С пространной репликой по поводу доклада выступил А. Долинин, подчеркнувший, что к тому времени, когда Пушкин стал сочинять свою маленькую трагедию, о Сальери вообще уже все забыли, в биографических словарях пушкинского времени ему была посвящена одна и та же короткая и изобилующая ошибками статья, так что Пушкин имел все основания воспринимать Сальери не как историческую личность, а просто как мелкого полузабытого музыканта — истинного масштаба его дарования он, безусловно, не представлял. Докладчица с этим согласилась не вполне, она сослалась хотя бы на тот факт, что Сальери написал по пьесе Бомарше оперу “Тарар” и Пушкину это было прекрасно известно.
Оперно-пушкинскую тему продолжил Александр Жолковский (Лос-Анджелес), выступивший с докладом “Об одном переводческом трюке в «Евгении Онегине»: Пушкин и Трике”. Начав с общих рассуждений о самоиронии Пушкина при изображении героев с поэтической жилкой, Жолковский применил эти наблюдения к фигуре выведенного в пятой главе “Евгения Онегина” француза Трике, который использует чужой текст, обновляя его за счет одной детали. Докладчик показал, что, сочиняя сцену с Трике, подменяющим в чужом стихотворении имя Нина именем Татьяна, Пушкин сам ведет себя точно так же, как Трике: он использует (меняя имена) сцену из чужой пьесы, причем пьесы общеизвестной, а именно “Севильского цирюльника”. У Бомарше в сцене урока пения Бартоло заменяет в исполняемой им песне Фаншонетту на Розинетту, а в опере Россини Джаннину (имя, которое звучит фонетическим напоминанием о Нине) — на Розину. Закончил Жолковский еще одним эффектным наблюдением: в опере Чайковского Трике поет Татьяне: “Ви роза, ви роза” — по мнению докладчика, чуткость композитора к “интертекстуальному контексту” заставила его если не разглядеть, то угадать за Татьяной — Розину.
Алексей Вдовин (Тарту) выступил с докладом “Почему Белинский устарел к 1848 году? К проблеме непереводимости критического языка”. Речь шла о том, как изменилось к 1848 году отношение былых друзей и соратников, прежде всего тех, кто входил в новую редакцию “Современника”, к Белинскому.

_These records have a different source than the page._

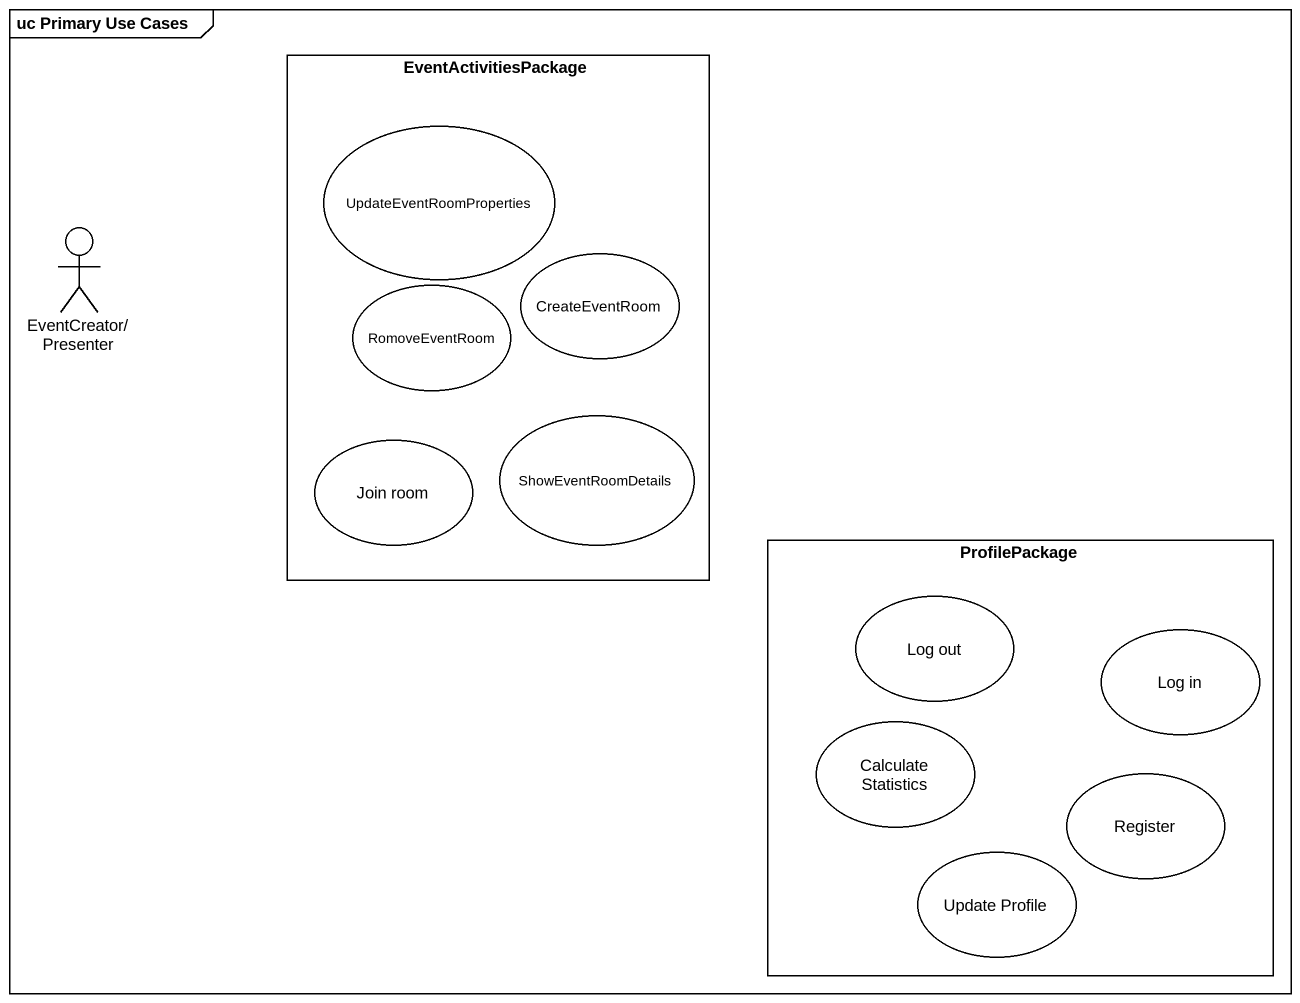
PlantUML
@startuml
mainframe uc Primary Use Cases
rectangle EventActivitiesPackage {
  usecase UpdateEventRoomProperties
  usecase RomoveEventRoom
  usecase CreateEventRoom
  usecase ShowEventRoomDetails
  usecase "Join room" as Join_room
}
actor "EventCreator/Presenter" as EventCreator_Presenter
rectangle ProfilePackage {
  usecase "Log out" as Log_out
  usecase "Log in" as Log_in
  usecase "Calculate Statistics" as Calculate_Statistics
  usecase Register
  usecase "Update Profile" as Update_Profile
}
@enduml
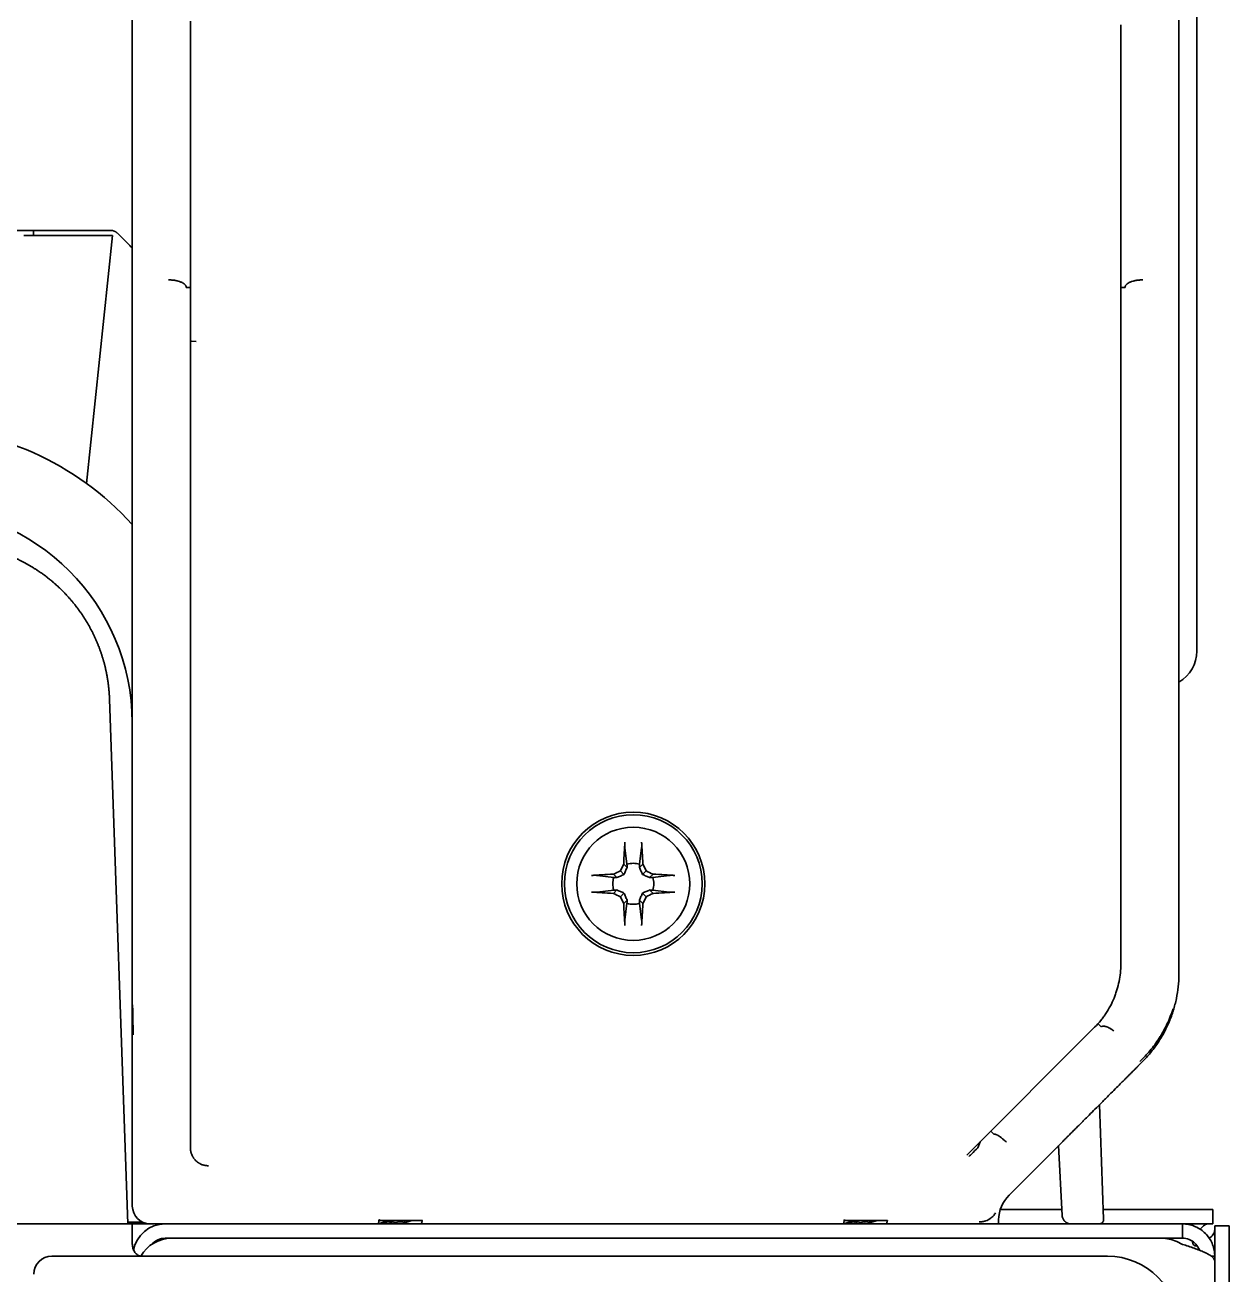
# Model space of a CAD drawing. Extents: x 53 to 4125, y 6244 to 9910.
# Drawn here: x 2897.8 to 2965.1, y 9737.6 to 9807.4 of the extents above; entities that cross this region are included whole.
import ezdxf

# ---------------------------------------------------------------- set-up
doc = ezdxf.new("R2010")
doc.units = 0
doc.header["$LTSCALE"] = 5
doc.layers.add('1', color=7, linetype='CONTINUOUS', true_color=0xffffff)
doc.layers.add('4', color=7, linetype='CONTINUOUS', true_color=0xffffff)

msp = doc.modelspace()

# ---------------------------------------------------------------- linework, layer by layer
at = {"layer": '1', "color": 7, "linetype": 'Continuous', "lineweight": 35}
for p, q in [((2963.275, 9838.393), (2963.275, 9772.393)), ((2903.775, 9793.739), (2903.775, 9807.635)), ((2907.025, 9807.367), (2907.025, 9789.697)), ((2959.025, 9789.734), (2959.025, 9807.367)), ((2962.275, 9807.635), (2962.275, 9793.739)), ((2902.568, 9795.893), (2766.689, 9795.893)), ((2897.705, 9795.613), (2902.677, 9795.613)), ((2898.259, 9795.613), (2898.259, 9795.893)), ((2902.677, 9795.613), (2901.221, 9781.757)), ((2902.922, 9795.747), (2903.629, 9795.04)), ((2906.789, 9792.709), (2907.024, 9792.71)), ((2959.262, 9792.709), (2959.026, 9792.71)), ((2903.775, 9755.28), (2903.775, 9790.525)), ((2962.275, 9790.525), (2962.275, 9755.28)), ((2907.025, 9789.697), (2907.091, 9789.697)), ((2907.025, 9789.697), (2907.025, 9751.879)), ((2907.091, 9789.697), (2907.341, 9789.695)), ((2959.025, 9789.66), (2959.025, 9789.734)), ((2959.025, 9754.917), (2959.025, 9789.66)), ((2931.425, 9760.483), (2931.307, 9761.406)), ((2932.125, 9760.483), (2932.243, 9761.406)), ((2930.86, 9759.74), (2930.671, 9759.928)), ((2931.257, 9759.912), (2931.055, 9760.114)), ((2931.429, 9760.309), (2931.24, 9760.497)), ((2932.122, 9760.309), (2932.31, 9760.497)), ((2932.294, 9759.912), (2932.496, 9760.114)), ((2932.691, 9759.74), (2932.879, 9759.928)), ((2930.685, 9759.743), (2929.763, 9759.861)), ((2932.865, 9759.743), (2933.788, 9759.861)), ((2930.685, 9759.043), (2929.763, 9758.925)), ((2930.86, 9759.047), (2930.671, 9758.858)), ((2931.257, 9758.875), (2931.055, 9758.673)), ((2932.294, 9758.875), (2932.496, 9758.673)), ((2932.691, 9759.047), (2932.879, 9758.858)), ((2932.865, 9759.043), (2933.788, 9758.925)), ((2931.429, 9758.478), (2931.24, 9758.289)), ((2931.425, 9758.303), (2931.307, 9757.381)), ((2932.122, 9758.478), (2932.31, 9758.289)), ((2932.125, 9758.303), (2932.243, 9757.381)), ((2907.025, 9751.879), (2907.025, 9744.643)), ((2957.757, 9751.57), (2957.93, 9751.396)), ((2903.775, 9749.218), (2903.775, 9750.95)), ((2950.418, 9744.233), (2957.544, 9751.358)), ((2960.207, 9749.425), (2960, 9749.218)), ((2957.842, 9747.06), (2958.066, 9740.652)), ((2951.926, 9745.4), (2951.756, 9745.571)), ((2903.775, 9741.393), (2903.775, 9744.888)), ((2951.03, 9744.644), (2951.171, 9744.985)), ((2955.67, 9744.888), (2952.782, 9742)), ((2955.751, 9740.867), (2955.546, 9744.764)), ((2955.731, 9741.193), (2952.282, 9741.193)), ((2962.175, 9741.193), (2958.038, 9741.193)), ((2962.175, 9741.193), (2964.175, 9741.193)), ((2964.175, 9741.193), (2964.175, 9740.393)), ((2274.775, 9740.393), (2903.775, 9740.393)), ((2903.775, 9739.281), (2903.775, 9740.393)), ((2905.611, 9740.393), (2904.775, 9740.393)), ((2905.611, 9740.393), (2961.304, 9740.393)), ((2952.197, 9740.621), (2952.193, 9740.393)), ((2961.304, 9740.393), (2962.15, 9740.393)), ((2962.15, 9740.393), (2962.475, 9740.393)), ((2964.175, 9740.393), (2962.481, 9740.393)), ((2964.275, 9740.293), (2965.075, 9740.293)), ((2964.275, 9738.6), (2964.275, 9740.293)), ((2965.075, 9740.293), (2965.075, 9738.293)), ((2905.611, 9739.593), (2961.304, 9739.593)), ((2905.975, 9739.591), (2961.304, 9739.591)), ((2910.575, 9739.591), (2910.575, 9739.593)), ((2917.591, 9739.593), (2917.591, 9739.591)), ((2920.004, 9739.591), (2920.003, 9739.593)), ((2943.591, 9739.593), (2943.591, 9739.591)), ((2946.004, 9739.591), (2946.003, 9739.593)), ((2952.179, 9739.593), (2952.179, 9739.591)), ((2955.575, 9739.593), (2955.575, 9739.591)), ((2962.15, 9739.593), (2961.304, 9739.593)), ((2962.15, 9739.593), (2962.475, 9739.593)), ((2962.475, 9739.252), (2962.15, 9739.404)), ((2899.275, 9738.593), (2958.275, 9738.593)), ((2958.275, 9738.593), (2904.275, 9738.593)), ((2964.275, 9738.593), (2964.083, 9738.593)), ((2964.275, 9738.343), (2964.275, 9738.593)), ((2964.275, 9738.343), (2964.275, 9098.493)), ((2965.075, 9397.393), (2965.075, 9738.293))]:
    msp.add_line(p, q, dxfattribs=at)
for radius in [4, 3.85, 3.16]:
    msp.add_circle((2931.775, 9759.393), radius, dxfattribs=at)
for centre, radius, start, end in [((2902.568, 9795.393), 0.5, 45, 90), ((2903.982, 9795.393), 0.5, 225, 245.53055), ((2961.275, 9772.393), 2, 300.00094, 0), ((2931.775, 9759.393), 1.145, 72.20111, 107.79889), ((2931.775, 9759.393), 1.145, 162.20111, 197.79889), ((2931.775, 9759.393), 1.145, 342.20111, 17.79889), ((2931.775, 9759.393), 1.145, 252.20111, 287.79889), ((2905.611, 9738.593), 1.8, 90, 170.03425), ((2957.816, 9740.643), 0.25, 270, 2), ((2905.975, 9737.591), 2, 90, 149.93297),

Дружеские отношения во многих случаях сохранялись, и Боткин, например, собирал деньги на лечение больного — однако его литературные идеи он критиковал прямо в лицо, обвиняя Белинского в том, что критик “увяз в художественности”. Эта самая “художественность”, собственно говоря, и была одним из главных предметов спора между редакциями “Современника” и “Отечественных записок”: первые обвиняли вторых в том, что чаемая ими художественность есть не что иное, как критическая схоластика, и что ее не нужно специально пестовать, ибо она придет сама собой, а вторые первых — в том, что они приносят художественность в жертву теории и тенденции. Люди из круга “Современника” использовали мысли Белинского для пропаганды близких им идей (так, намерение Белинского приспособить художественность к социалистическим веяниям было им безусловно симпатично), однако он сам как литературная фигура к концу 1840-х годов их симпатий уже не вызывал. Ученики Белинского продолжали вести с ним спор даже после его смерти, поэтому культ Белинского возник лишь в конце 1850-х годов.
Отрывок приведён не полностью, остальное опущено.